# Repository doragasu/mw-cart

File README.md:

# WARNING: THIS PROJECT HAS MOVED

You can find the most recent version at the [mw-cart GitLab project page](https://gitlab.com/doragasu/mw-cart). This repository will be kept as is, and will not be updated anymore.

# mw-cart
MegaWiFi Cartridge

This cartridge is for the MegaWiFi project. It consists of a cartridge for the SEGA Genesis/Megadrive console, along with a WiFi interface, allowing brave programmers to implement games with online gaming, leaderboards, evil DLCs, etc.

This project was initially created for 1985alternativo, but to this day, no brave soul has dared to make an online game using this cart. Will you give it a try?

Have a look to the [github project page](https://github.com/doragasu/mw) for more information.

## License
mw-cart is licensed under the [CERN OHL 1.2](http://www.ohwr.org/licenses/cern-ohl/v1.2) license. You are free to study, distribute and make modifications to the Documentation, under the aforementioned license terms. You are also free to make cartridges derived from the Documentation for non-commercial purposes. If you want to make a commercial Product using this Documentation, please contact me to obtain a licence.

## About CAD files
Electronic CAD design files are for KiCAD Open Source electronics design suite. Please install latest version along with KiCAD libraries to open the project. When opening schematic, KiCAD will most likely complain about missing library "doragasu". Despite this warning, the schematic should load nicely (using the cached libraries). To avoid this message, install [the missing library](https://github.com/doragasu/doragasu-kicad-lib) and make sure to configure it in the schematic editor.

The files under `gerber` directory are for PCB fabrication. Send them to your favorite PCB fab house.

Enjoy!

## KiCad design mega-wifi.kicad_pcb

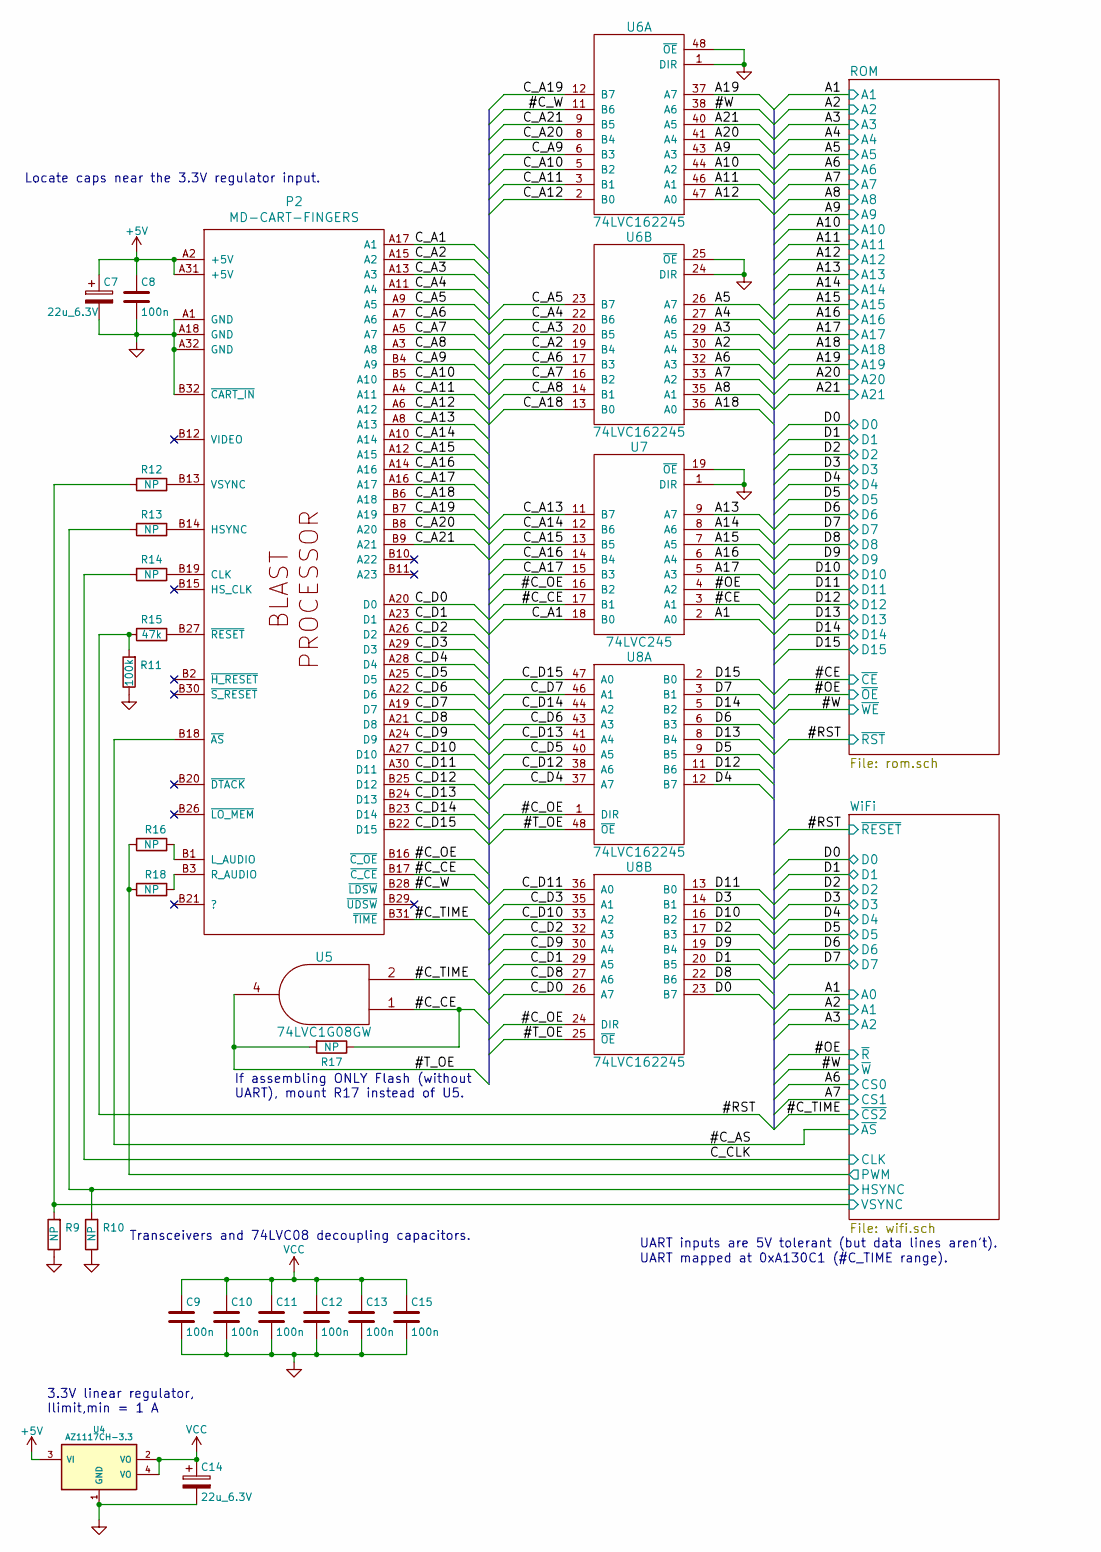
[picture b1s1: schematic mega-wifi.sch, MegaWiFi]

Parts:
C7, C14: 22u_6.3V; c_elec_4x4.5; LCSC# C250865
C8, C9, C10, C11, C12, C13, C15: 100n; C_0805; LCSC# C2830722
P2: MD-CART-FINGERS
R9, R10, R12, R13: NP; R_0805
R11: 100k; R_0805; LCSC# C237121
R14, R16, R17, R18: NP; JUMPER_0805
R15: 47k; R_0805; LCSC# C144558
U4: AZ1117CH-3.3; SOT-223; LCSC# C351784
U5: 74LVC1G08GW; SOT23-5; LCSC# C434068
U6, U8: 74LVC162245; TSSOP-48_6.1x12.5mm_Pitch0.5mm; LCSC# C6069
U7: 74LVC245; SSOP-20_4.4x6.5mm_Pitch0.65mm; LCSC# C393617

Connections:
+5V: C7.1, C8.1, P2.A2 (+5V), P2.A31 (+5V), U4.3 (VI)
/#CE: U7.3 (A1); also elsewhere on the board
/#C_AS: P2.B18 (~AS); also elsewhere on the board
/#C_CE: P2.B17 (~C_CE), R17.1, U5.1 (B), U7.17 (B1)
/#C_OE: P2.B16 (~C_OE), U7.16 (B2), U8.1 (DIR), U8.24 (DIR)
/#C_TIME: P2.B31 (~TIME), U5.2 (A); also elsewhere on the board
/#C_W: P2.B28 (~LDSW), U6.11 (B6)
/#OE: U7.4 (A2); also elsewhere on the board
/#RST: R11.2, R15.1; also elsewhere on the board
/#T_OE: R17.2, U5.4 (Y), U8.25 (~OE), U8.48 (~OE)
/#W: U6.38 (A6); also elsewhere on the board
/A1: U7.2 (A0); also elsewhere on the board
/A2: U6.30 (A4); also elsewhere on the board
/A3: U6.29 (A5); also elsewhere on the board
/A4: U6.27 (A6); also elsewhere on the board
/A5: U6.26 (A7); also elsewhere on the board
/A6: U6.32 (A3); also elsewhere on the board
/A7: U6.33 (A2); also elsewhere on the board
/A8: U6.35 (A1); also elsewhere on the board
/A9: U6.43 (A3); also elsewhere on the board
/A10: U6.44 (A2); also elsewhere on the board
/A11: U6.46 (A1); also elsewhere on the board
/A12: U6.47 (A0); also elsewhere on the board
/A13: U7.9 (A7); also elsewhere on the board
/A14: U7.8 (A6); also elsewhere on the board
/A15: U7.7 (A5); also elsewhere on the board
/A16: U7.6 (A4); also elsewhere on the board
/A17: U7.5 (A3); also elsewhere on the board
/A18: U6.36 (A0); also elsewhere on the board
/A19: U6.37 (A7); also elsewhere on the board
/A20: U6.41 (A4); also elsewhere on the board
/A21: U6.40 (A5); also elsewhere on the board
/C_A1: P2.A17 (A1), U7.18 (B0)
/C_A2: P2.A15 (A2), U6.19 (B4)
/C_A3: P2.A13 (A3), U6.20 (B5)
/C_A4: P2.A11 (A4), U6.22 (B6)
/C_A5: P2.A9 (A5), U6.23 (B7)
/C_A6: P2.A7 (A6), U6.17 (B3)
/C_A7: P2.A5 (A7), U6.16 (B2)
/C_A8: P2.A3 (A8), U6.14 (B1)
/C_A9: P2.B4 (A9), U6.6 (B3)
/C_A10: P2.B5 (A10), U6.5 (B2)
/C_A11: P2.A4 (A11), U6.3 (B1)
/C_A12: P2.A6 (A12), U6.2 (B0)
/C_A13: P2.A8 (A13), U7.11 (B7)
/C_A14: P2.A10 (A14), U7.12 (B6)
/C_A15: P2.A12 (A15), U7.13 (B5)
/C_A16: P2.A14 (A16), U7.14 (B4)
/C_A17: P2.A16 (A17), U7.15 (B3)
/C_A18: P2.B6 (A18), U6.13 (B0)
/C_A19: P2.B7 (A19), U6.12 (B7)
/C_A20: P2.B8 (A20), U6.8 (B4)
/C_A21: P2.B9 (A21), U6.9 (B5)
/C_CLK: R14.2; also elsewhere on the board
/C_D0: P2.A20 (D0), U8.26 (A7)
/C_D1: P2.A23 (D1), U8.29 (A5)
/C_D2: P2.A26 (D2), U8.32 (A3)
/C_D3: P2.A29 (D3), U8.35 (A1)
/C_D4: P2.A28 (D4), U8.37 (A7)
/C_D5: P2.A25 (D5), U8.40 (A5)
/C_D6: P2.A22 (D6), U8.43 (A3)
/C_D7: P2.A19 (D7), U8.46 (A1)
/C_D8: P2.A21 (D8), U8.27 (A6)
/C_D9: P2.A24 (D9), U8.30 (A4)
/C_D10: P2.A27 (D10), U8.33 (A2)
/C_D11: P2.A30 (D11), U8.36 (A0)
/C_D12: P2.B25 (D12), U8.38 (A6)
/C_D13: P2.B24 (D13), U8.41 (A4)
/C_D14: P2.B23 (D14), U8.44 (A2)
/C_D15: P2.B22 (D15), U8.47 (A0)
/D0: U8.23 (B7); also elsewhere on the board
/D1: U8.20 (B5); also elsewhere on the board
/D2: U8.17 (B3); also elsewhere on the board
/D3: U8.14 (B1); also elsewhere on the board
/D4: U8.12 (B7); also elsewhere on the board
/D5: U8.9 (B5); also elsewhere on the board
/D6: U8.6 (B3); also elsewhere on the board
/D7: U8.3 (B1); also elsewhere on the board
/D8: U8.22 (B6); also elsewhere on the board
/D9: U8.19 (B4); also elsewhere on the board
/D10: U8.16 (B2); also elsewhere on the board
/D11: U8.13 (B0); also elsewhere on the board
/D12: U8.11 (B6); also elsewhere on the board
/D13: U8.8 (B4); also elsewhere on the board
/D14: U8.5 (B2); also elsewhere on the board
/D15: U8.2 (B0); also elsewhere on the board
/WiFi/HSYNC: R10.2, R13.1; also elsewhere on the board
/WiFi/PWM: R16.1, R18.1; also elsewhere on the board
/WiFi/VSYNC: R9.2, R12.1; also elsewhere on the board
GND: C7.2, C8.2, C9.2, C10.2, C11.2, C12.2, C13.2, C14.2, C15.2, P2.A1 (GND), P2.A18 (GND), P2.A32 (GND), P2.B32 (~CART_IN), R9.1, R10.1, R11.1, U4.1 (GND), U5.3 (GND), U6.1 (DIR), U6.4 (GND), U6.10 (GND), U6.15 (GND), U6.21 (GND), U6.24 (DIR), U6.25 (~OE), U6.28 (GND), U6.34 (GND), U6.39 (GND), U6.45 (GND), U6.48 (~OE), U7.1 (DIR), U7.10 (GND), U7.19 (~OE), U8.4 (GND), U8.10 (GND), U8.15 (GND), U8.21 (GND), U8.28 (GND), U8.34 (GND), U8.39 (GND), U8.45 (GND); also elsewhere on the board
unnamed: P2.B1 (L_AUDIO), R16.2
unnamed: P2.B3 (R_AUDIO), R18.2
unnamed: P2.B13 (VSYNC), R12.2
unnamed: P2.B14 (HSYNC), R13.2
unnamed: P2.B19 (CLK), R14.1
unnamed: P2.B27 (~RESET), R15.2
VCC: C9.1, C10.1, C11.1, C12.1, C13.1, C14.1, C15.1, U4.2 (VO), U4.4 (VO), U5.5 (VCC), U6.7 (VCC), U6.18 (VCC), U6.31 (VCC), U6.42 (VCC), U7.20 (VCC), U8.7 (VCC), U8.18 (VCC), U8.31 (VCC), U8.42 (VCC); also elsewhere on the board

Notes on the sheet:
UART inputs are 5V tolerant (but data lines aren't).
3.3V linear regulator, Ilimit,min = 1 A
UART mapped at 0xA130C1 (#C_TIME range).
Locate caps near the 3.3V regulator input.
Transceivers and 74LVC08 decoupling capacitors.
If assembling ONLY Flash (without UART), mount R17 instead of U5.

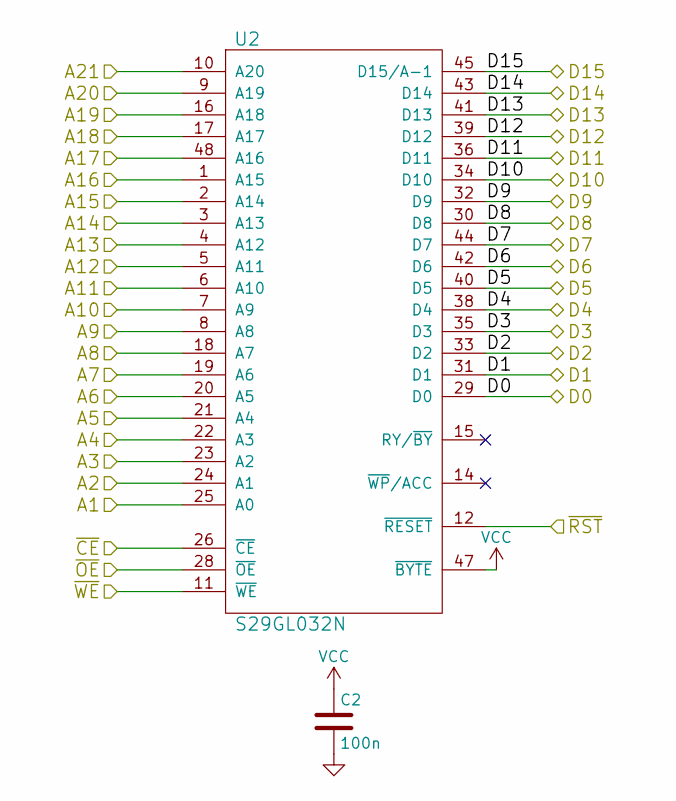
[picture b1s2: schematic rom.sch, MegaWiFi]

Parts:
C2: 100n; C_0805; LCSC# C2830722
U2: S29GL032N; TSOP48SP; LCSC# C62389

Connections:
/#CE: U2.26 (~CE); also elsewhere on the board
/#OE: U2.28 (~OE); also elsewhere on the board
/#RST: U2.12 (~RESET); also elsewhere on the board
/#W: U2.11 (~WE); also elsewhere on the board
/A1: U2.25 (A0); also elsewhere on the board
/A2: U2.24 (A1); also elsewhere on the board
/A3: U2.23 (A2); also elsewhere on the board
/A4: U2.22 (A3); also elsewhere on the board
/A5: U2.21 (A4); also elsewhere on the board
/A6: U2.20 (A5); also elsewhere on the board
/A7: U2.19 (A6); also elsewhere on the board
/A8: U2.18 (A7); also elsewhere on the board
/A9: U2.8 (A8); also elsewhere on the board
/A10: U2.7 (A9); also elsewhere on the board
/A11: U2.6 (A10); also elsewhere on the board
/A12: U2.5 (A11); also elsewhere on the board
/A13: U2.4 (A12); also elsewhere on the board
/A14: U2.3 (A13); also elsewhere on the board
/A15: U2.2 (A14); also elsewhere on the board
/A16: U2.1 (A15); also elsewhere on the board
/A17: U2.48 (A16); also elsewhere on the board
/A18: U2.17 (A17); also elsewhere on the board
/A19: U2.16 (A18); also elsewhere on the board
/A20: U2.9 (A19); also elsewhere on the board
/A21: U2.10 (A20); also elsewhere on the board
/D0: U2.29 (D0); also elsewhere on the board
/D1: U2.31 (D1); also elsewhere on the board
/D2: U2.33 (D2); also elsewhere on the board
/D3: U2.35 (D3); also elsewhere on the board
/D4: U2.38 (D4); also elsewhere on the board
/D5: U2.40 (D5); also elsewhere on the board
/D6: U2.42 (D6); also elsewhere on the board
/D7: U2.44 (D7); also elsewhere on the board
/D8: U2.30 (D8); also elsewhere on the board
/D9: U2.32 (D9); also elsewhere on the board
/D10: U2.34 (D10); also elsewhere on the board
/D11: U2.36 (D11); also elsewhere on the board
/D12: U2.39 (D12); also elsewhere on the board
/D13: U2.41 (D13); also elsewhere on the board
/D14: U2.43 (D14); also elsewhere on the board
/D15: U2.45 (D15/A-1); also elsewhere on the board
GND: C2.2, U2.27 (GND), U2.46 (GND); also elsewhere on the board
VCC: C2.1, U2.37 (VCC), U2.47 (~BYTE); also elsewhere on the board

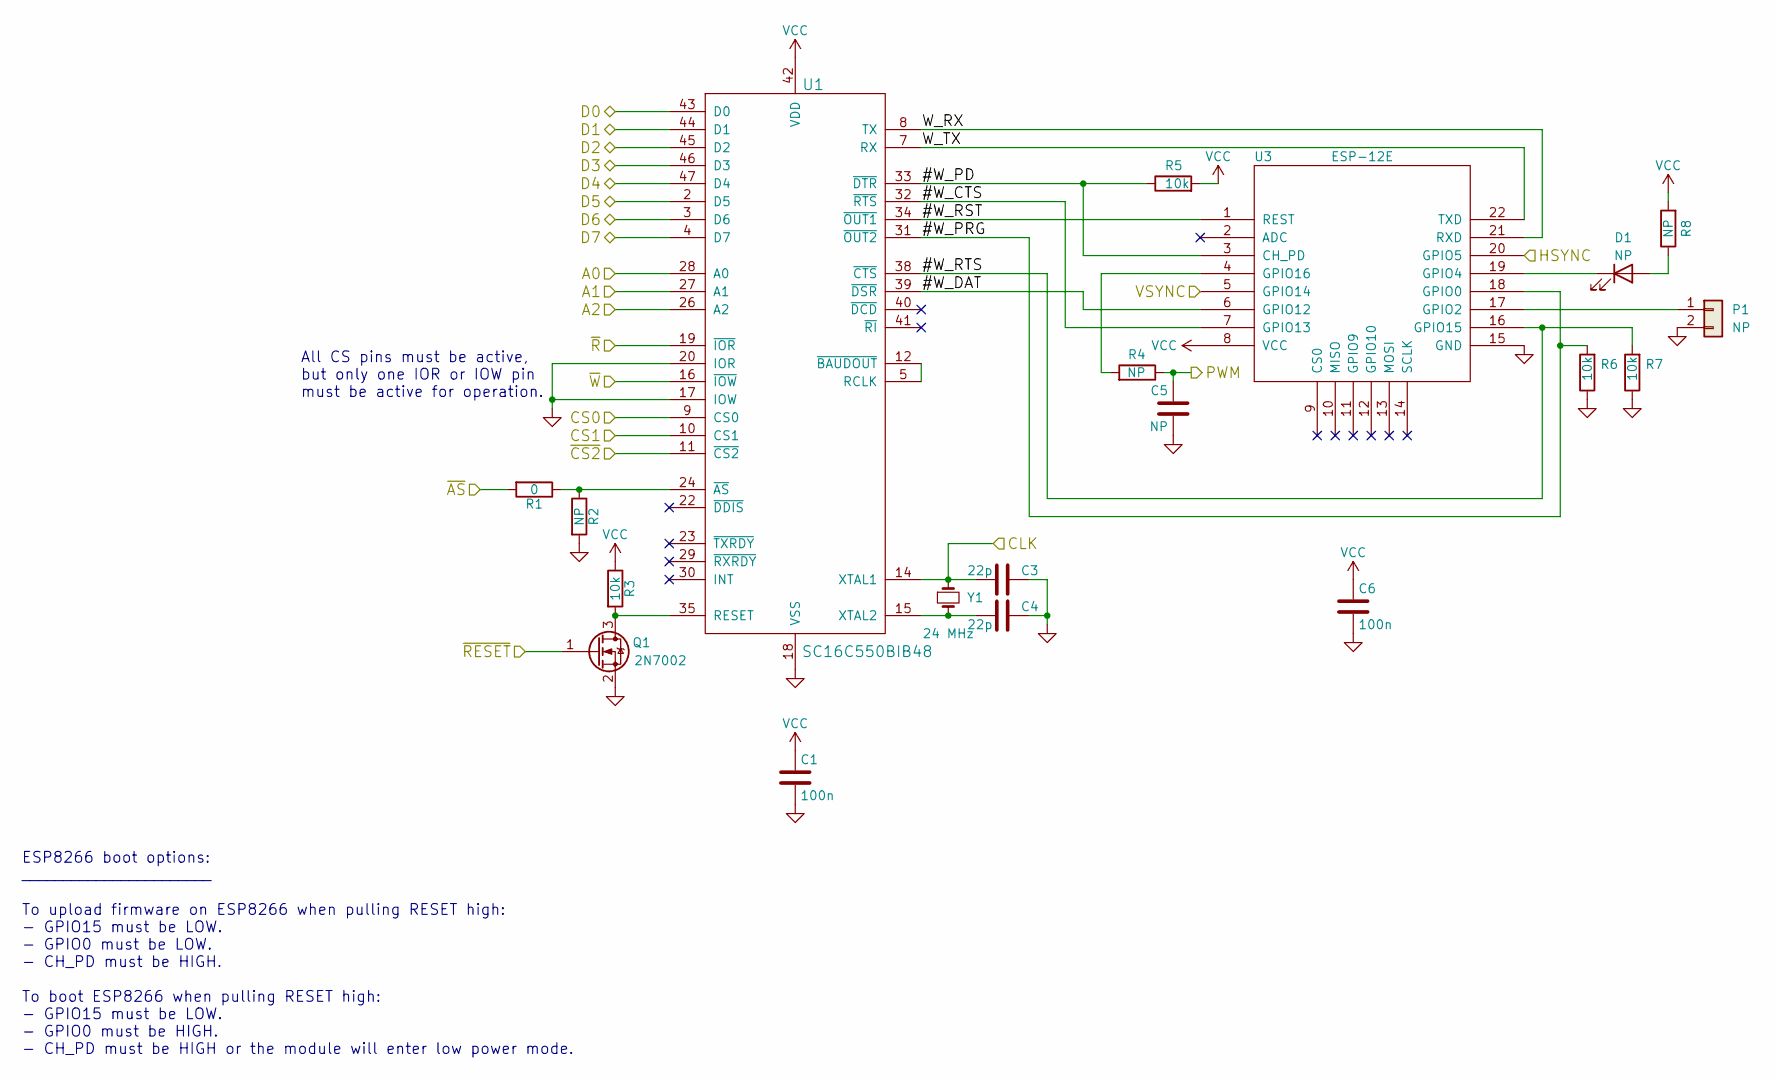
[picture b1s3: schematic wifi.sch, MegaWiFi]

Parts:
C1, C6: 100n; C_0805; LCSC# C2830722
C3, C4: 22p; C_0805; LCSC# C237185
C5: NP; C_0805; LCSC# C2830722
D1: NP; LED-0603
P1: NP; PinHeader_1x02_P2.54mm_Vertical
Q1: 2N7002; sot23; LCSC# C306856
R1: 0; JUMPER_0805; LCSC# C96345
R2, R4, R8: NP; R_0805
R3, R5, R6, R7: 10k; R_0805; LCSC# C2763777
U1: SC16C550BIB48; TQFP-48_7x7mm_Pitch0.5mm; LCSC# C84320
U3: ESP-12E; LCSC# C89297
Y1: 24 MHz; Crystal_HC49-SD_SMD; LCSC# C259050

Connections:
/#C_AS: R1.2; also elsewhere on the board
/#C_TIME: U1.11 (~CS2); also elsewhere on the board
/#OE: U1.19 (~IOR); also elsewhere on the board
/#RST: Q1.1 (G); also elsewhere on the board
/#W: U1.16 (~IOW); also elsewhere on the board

====================

= What is being asked =
Working from the records above, write out verbatim only the lines from the line containing "U8.20 (B5); also elsewhere on the board" through the line containing "unnamed: P2.B27 (~RESET), R15.2".

= Response to this task =
/D1: U8.20 (B5); also elsewhere on the board
/D2: U8.17 (B3); also elsewhere on the board
/D3: U8.14 (B1); also elsewhere on the board
/D4: U8.12 (B7); also elsewhere on the board
/D5: U8.9 (B5); also elsewhere on the board
/D6: U8.6 (B3); also elsewhere on the board
/D7: U8.3 (B1); also elsewhere on the board
/D8: U8.22 (B6); also elsewhere on the board
/D9: U8.19 (B4); also elsewhere on the board
/D10: U8.16 (B2); also elsewhere on the board
/D11: U8.13 (B0); also elsewhere on the board
/D12: U8.11 (B6); also elsewhere on the board
/D13: U8.8 (B4); also elsewhere on the board
/D14: U8.5 (B2); also elsewhere on the board
/D15: U8.2 (B0); also elsewhere on the board
/WiFi/HSYNC: R10.2, R13.1; also elsewhere on the board
/WiFi/PWM: R16.1, R18.1; also elsewhere on the board
/WiFi/VSYNC: R9.2, R12.1; also elsewhere on the board
GND: C7.2, C8.2, C9.2, C10.2, C11.2, C12.2, C13.2, C14.2, C15.2, P2.A1 (GND), P2.A18 (GND), P2.A32 (GND), P2.B32 (~CART_IN), R9.1, R10.1, R11.1, U4.1 (GND), U5.3 (GND), U6.1 (DIR), U6.4 (GND), U6.10 (GND), U6.15 (GND), U6.21 (GND), U6.24 (DIR), U6.25 (~OE), U6.28 (GND), U6.34 (GND), U6.39 (GND), U6.45 (GND), U6.48 (~OE), U7.1 (DIR), U7.10 (GND), U7.19 (~OE), U8.4 (GND), U8.10 (GND), U8.15 (GND), U8.21 (GND), U8.28 (GND), U8.34 (GND), U8.39 (GND), U8.45 (GND); also elsewhere on the board
unnamed: P2.B1 (L_AUDIO), R16.2
unnamed: P2.B3 (R_AUDIO), R18.2
unnamed: P2.B13 (VSYNC), R12.2
unnamed: P2.B14 (HSYNC), R13.2
unnamed: P2.B19 (CLK), R14.1
unnamed: P2.B27 (~RESET), R15.2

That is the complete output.